** Opening Data excerpts block **

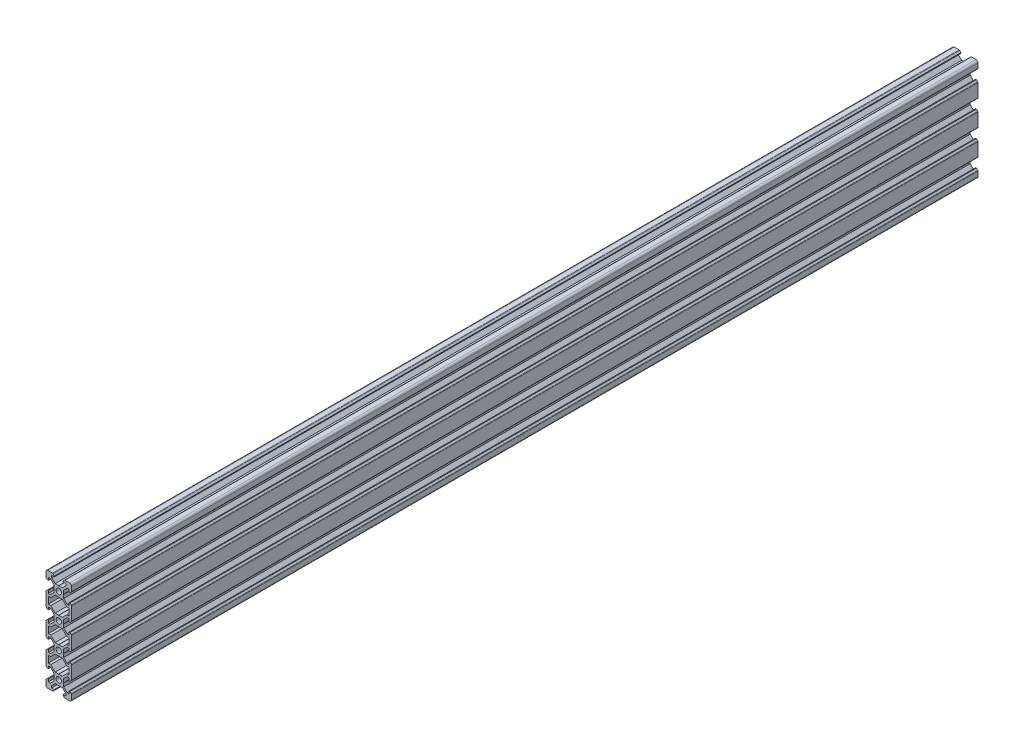
from build123d import *

# Parameters (mm, degrees)
SKETCH1_R           = 2.1
BOSS_EXTRUDE2_DEPTH = 710


with BuildPart() as part:
    # Sketch1 → Boss-Extrude2 (new body)
    with BuildSketch(Plane.XY):
        with BuildLine():
            Line((-8.5, 10), (-4.862792737, 10))
            ThreePointArc((-4.862792737, 10), (-4.598292737, 9.947387679), (-4.374060464, 9.797560464))
            Line((-4.374060464, 9.797560464), (-3.3865, 8.81))
            Line((-3.3865, 8.81), (-3.3865, 8.2))
            Line((-3.3865, 8.2), (-5.5, 8.2))
            Line((-5.5, 8.2), (-5.5, 6.561))
            Line((-5.5, 6.561), (-2.8395, 3.9005))
            Line((-2.8395, 3.9005), (-0.1, 3.9005))
            Line((-0.1, 3.9005), (0, 3.8005))
            Line((0, 3.8005), (0.1, 3.9005))
            Line((0.1, 3.9005), (2.8395, 3.9005))
            Line((2.8395, 3.9005), (5.5, 6.561))
            Line((5.5, 6.561), (5.5, 8.2))
            Line((5.5, 8.2), (3.3865, 8.2))
            Line((3.3865, 8.2), (3.3865, 8.81))
            Line((3.3865, 8.81), (4.374060464, 9.797560464))
            ThreePointArc((4.374060464, 9.797560464), (4.598292737, 9.947387679), (4.862792737, 10))
            Line((4.862792737, 10), (8.5, 10))
            ThreePointArc((8.5, 10), (9.560660172, 9.560660172), (10, 8.5))
            Line((10, 8.5), (10, 4.862792737))
            ThreePointArc((10, 4.862792737), (9.947387679, 4.598292737), (9.797560464, 4.374060464))
            Line((9.797560464, 4.374060464), (8.81, 3.3865))
            Line((8.81, 3.3865), (8.2, 3.3865))
            Line((8.2, 3.3865), (8.2, 5.5))
            Line((8.2, 5.5), (6.561, 5.5))
            Line((6.561, 5.5), (3.9005, 2.8395))
            Line((3.9005, 2.8395), (3.9005, 0.1))
            Line((3.9005, 0.1), (3.8005, 0))
            Line((3.8005, 0), (3.9005, -0.1))
            Line((3.9005, -0.1), (3.9005, -2.8395))
            Line((3.9005, -2.8395), (6.561, -5.5))
            Line((6.561, -5.5), (8.2, -5.5))
            Line((8.2, -5.5), (8.2, -3.3865))
            Line((8.2, -3.3865), (8.81, -3.3865))
            Line((8.81, -3.3865), (9.797560464, -4.374060464))
            ThreePointArc((9.797560464, -4.374060464), (9.947387679, -4.598292737), (10, -4.862792737))
            Line((10, -4.862792737), (10, -15.137207263))
            ThreePointArc((10, -15.137207263), (9.947387679, -15.401707263), (9.797560464, -15.625939536))
            Line((9.797560464, -15.625939536), (8.81, -16.6135))
            Line((8.81, -16.6135), (8.2, -16.6135))
            Line((8.2, -16.6135), (8.2, -14.5))
            Line((8.2, -14.5), (6.561, -14.5))
            Line((6.561, -14.5), (3.9005, -17.1605))
            Line((3.9005, -17.1605), (3.9005, -19.9))
            Line((3.9005, -19.9), (3.8005, -20))
            Line((3.8005, -20), (3.9005, -20.1))
            Line((3.9005, -20.1), (3.9005, -22.8395))
            Line((3.9005, -22.8395), (6.561, -25.5))
            Line((6.561, -25.5), (8.2, -25.5))
            Line((8.2, -25.5), (8.2, -23.3865))
            Line((8.2, -23.3865), (8.81, -23.3865))
            Line((8.81, -23.3865), (9.797560464, -24.374060464))
            ThreePointArc((9.797560464, -24.374060464), (9.947387679, -24.598292737), (10, -24.862792737))
            Line((10, -24.862792737), (10, -35.137207263))
            ThreePointArc((10, -35.137207263), (9.947387679, -35.401707263), (9.797560464, -35.625939536))
            Line((9.797560464, -35.625939536), (8.81, -36.6135))
            Line((8.81, -36.6135), (8.2, -36.6135))
            Line((8.2, -36.6135), (8.2, -34.5))
            Line((8.2, -34.5), (6.561, -34.5))
            Line((6.561, -34.5), (3.9005, -37.1605))
            Line((3.9005, -37.1605), (3.9005, -39.9))
            Line((3.9005, -39.9), (3.8005, -40))
            Line((3.8005, -40), (3.9005, -40.1))
            Line((3.9005, -40.1), (3.9005, -42.8395))
            Line((3.9005, -42.8395), (6.561, -45.5))
            Line((6.561, -45.5), (8.2, -45.5))
            Line((8.2, -45.5), (8.2, -43.3865))
            Line((8.2, -43.3865), (8.81, -43.3865))
            Line((8.81, -43.3865), (9.797560464, -44.374060464))
            ThreePointArc((9.797560464, -44.374060464), (9.947387679, -44.598292737), (10, -44.862792737))
            Line((10, -44.862792737), (10, -55.137207263))
            ThreePointArc((10, -55.137207263), (9.947387679, -55.401707263), (9.797560464, -55.625939536))
            Line((9.797560464, -55.625939536), (8.81, -56.6135))
            Line((8.81, -56.6135), (8.2, -56.6135))
            Line((8.2, -56.6135), (8.2, -54.5))
            Line((8.2, -54.5), (6.561, -54.5))
            Line((6.561, -54.5), (3.9005, -57.1605))
            Line((3.9005, -57.1605), (3.9005, -59.9))
            Line((3.9005, -59.9), (3.8005, -60))
            Line((3.8005, -60), (3.9005, -60.1))
            Line((3.9005, -60.1), (3.9005, -62.8395))
            Line((3.9005, -62.8395), (6.561, -65.5))
            Line((6.561, -65.5), (8.2, -65.5))
            Line((8.2, -65.5), (8.2, -63.3865))
            Line((8.2, -63.3865), (8.81, -63.3865))
            Line((8.81, -63.3865), (9.797560464, -64.374060464))
            ThreePointArc((9.797560464, -64.374060464), (9.947387679, -64.598292737), (10, -64.862792737))
            Line((10, -64.862792737), (10, -68.5))
            ThreePointArc((10, -68.5), (9.560660172, -69.560660172), (8.5, -70))
            Line((8.5, -70), (4.862792737, -70))
            ThreePointArc((4.862792737, -70), (4.598292737, -69.947387679), (4.374060464, -69.797560464))
            Line((4.374060464, -69.797560464), (3.3865, -68.81))
            Line((3.3865, -68.81), (3.3865, -68.2))
            Line((3.3865, -68.2), (5.5, -68.2))
            Line((5.5, -68.2), (5.5, -66.561))
            Line((5.5, -66.561), (2.8395, -63.9005))
            Line((2.8395, -63.9005), (0.1, -63.9005))
            Line((0.1, -63.9005), (0, -63.8005))
            Line((0, -63.8005), (-0.1, -63.9005))
            Line((-0.1, -63.9005), (-2.8395, -63.9005))
            Line((-2.8395, -63.9005), (-5.5, -66.561))
            Line((-5.5, -66.561), (-5.5, -68.2))
            Line((-5.5, -68.2), (-3.3865, -68.2))
            Line((-3.3865, -68.2), (-3.3865, -68.81))
            Line((-3.3865, -68.81), (-4.374060464, -69.797560464))
            ThreePointArc((-4.374060464, -69.797560464), (-4.598292737, -69.947387679), (-4.862792737, -70))
            Line((-4.862792737, -70), (-8.5, -70))
            ThreePointArc((-8.5, -70), (-9.560660172, -69.560660172), (-10, -68.5))
            Line((-10, -68.5), (-10, -64.862792737))
            ThreePointArc((-10, -64.862792737), (-9.947387679, -64.598292737), (-9.797560464, -64.374060464))
            Line((-9.797560464, -64.374060464), (-8.81, -63.3865))
            Line((-8.81, -63.3865), (-8.2, -63.3865))
            Line((-8.2, -63.3865), (-8.2, -65.5))
            Line((-8.2, -65.5), (-6.561, -65.5))
            Line((-6.561, -65.5), (-3.9005, -62.8395))
            Line((-3.9005, -62.8395), (-3.9005, -60.1))
            Line((-3.9005, -60.1), (-3.8005, -60))
            Line((-3.8005, -60), (-3.9005, -59.9))
            Line((-3.9005, -59.9), (-3.9005, -57.1605))
            Line((-3.9005, -57.1605), (-6.561, -54.5))
            Line((-6.561, -54.5), (-8.2, -54.5))
            Line((-8.2, -54.5), (-8.2, -56.6135))
            Line((-8.2, -56.6135), (-8.81, -56.6135))
            Line((-8.81, -56.6135), (-9.797560464, -55.625939536))
            ThreePointArc((-9.797560464, -55.625939536), (-9.947387679, -55.401707263), (-10, -55.137207263))
            Line((-10, -55.137207263), (-10, -44.862792737))
            ThreePointArc((-10, -44.862792737), (-9.947387679, -44.598292737), (-9.797560464, -44.374060464))
            Line((-9.797560464, -44.374060464), (-8.81, -43.3865))
            Line((-8.81, -43.3865), (-8.2, -43.3865))
            Line((-8.2, -43.3865), (-8.2, -45.5))
            Line((-8.2, -45.5), (-6.561, -45.5))
            Line((-6.561, -45.5), (-3.9005, -42.8395))
            Line((-3.9005, -42.8395), (-3.9005, -40.1))
            Line((-3.9005, -40.1), (-3.8005, -40))
            Line((-3.8005, -40), (-3.9005, -39.9))
            Line((-3.9005, -39.9), (-3.9005, -37.1605))
            Line((-3.9005, -37.1605), (-6.561, -34.5))
            Line((-6.561, -34.5), (-8.2, -34.5))
            Line((-8.2, -34.5), (-8.2, -36.6135))
            Line((-8.2, -36.6135), (-8.81, -36.6135))
            Line((-8.81, -36.6135), (-9.797560464, -35.625939536))
            ThreePointArc((-9.797560464, -35.625939536), (-9.947387679, -35.401707263), (-10, -35.137207263))
            Line((-10, -35.137207263), (-10, -24.862792737))
            ThreePointArc((-10, -24.862792737), (-9.947387679, -24.598292737), (-9.797560464, -24.374060464))
            Line((-9.797560464, -24.374060464), (-8.81, -23.3865))
            Line((-8.81, -23.3865), (-8.2, -23.3865))
            Line((-8.2, -23.3865), (-8.2, -25.5))
            Line((-8.2, -25.5), (-6.561, -25.5))
            Line((-6.561, -25.5), (-3.9005, -22.8395))
            Line((-3.9005, -22.8395), (-3.9005, -20.1))
            Line((-3.9005, -20.1), (-3.8005, -20))
            Line((-3.8005, -20), (-3.9005, -19.9))
            Line((-3.9005, -19.9), (-3.9005, -17.1605))
            Line((-3.9005, -17.1605), (-6.561, -14.5))
            Line((-6.561, -14.5), (-8.2, -14.5))
            Line((-8.2, -14.5), (-8.2, -16.6135))
            Line((-8.2, -16.6135), (-8.81, -16.6135))
            Line((-8.81, -16.6135), (-9.797560464, -15.625939536))
            ThreePointArc((-9.797560464, -15.625939536), (-9.947387679, -15.401707263), (-10, -15.137207263))
            Line((-10, -15.137207263), (-10, -4.862792737))
            ThreePointArc((-10, -4.862792737), (-9.947387679, -4.598292737), (-9.797560464, -4.374060464))
            Line((-9.797560464, -4.374060464), (-8.81, -3.3865))
            Line((-8.81, -3.3865), (-8.2, -3.3865))
            Line((-8.2, -3.3865), (-8.2, -5.5))
            Line((-8.2, -5.5), (-6.561, -5.5))
            Line((-6.561, -5.5), (-3.9005, -2.8395))
            Line((-3.9005, -2.8395), (-3.9005, -0.1))
            Line((-3.9005, -0.1), (-3.8005, 0))
            Line((-3.8005, 0), (-3.9005, 0.1))
            Line((-3.9005, 0.1), (-3.9005, 2.8395))
            Line((-3.9005, 2.8395), (-6.561, 5.5))
            Line((-6.561, 5.5), (-8.2, 5.5))
            Line((-8.2, 5.5), (-8.2, 3.3865))
            Line((-8.2, 3.3865), (-8.81, 3.3865))
            Line((-8.81, 3.3865), (-9.797560464, 4.374060464))
            ThreePointArc((-9.797560464, 4.374060464), (-9.947387679, 4.598292737), (-10, 4.862792737))
            Line((-10, 4.862792737), (-10, 8.5))
            ThreePointArc((-10, 8.5), (-9.560660172, 9.560660172), (-8.5, 10))
        make_face()
        Circle(SKETCH1_R, mode=Mode.SUBTRACT)
        with Locations((0, -20)):
            Circle(SKETCH1_R, mode=Mode.SUBTRACT)
        with Locations((0, -40)):
            Circle(SKETCH1_R, mode=Mode.SUBTRACT)
        with Locations((0, -60)):
            Circle(SKETCH1_R, mode=Mode.SUBTRACT)
        Polygon((-2.8395, -23.9005), (-0.1, -23.9005), (0, -23.8005), (0.1, -23.9005), (2.8395, -23.9005), (5.5, -26.561), (6.239, -27.3), (8.2, -27.3), (8.2, -32.7), (6.239, -32.7), (5.5, -33.439), (2.8395, -36.0995), (0.1, -36.0995), (0, -36.1995), (-0.1, -36.0995), (-2.8395, -36.0995), (-5.5, -33.439), (-6.239, -32.7), (-8.2, -32.7), (-8.2, -27.3), (-6.239, -27.3), (-5.5, -26.561), align=None, mode=Mode.SUBTRACT)
        Polygon((-8.2, -12.7), (-8.2, -7.3), (-6.239, -7.3), (-5.5, -6.561), (-2.8395, -3.9005), (-0.1, -3.9005), (0, -3.8005), (0.1, -3.9005), (2.8395, -3.9005), (5.5, -6.561), (6.239, -7.3), (8.2, -7.3), (8.2, -12.7), (6.239, -12.7), (5.5, -13.439), (2.8395, -16.0995), (0.1, -16.0995), (0, -16.1995), (-0.1, -16.0995), (-2.8395, -16.0995), (-5.5, -13.439), (-6.239, -12.7), align=None, mode=Mode.SUBTRACT)
        Polygon((-2.8395, -43.9005), (-0.1, -43.9005), (0, -43.8005), (0.1, -43.9005), (2.8395, -43.9005), (5.5, -46.561), (6.239, -47.3), (8.2, -47.3), (8.2, -52.7), (6.239, -52.7), (5.5, -53.439), (2.8395, -56.0995), (0.1, -56.0995), (0, -56.1995), (-0.1, -56.0995), (-2.8395, -56.0995), (-5.5, -53.439), (-6.239, -52.7), (-8.2, -52.7), (-8.2, -47.3), (-6.239, -47.3), (-5.5, -46.561), align=None, mode=Mode.SUBTRACT)
    extrude(amount=BOSS_EXTRUDE2_DEPTH)


solid = part.part

** Closing Data excerpts block **

_Brief:_
Among the entries above, determine how many lines hold the string "part" and report that number alone.

_Reply:_
2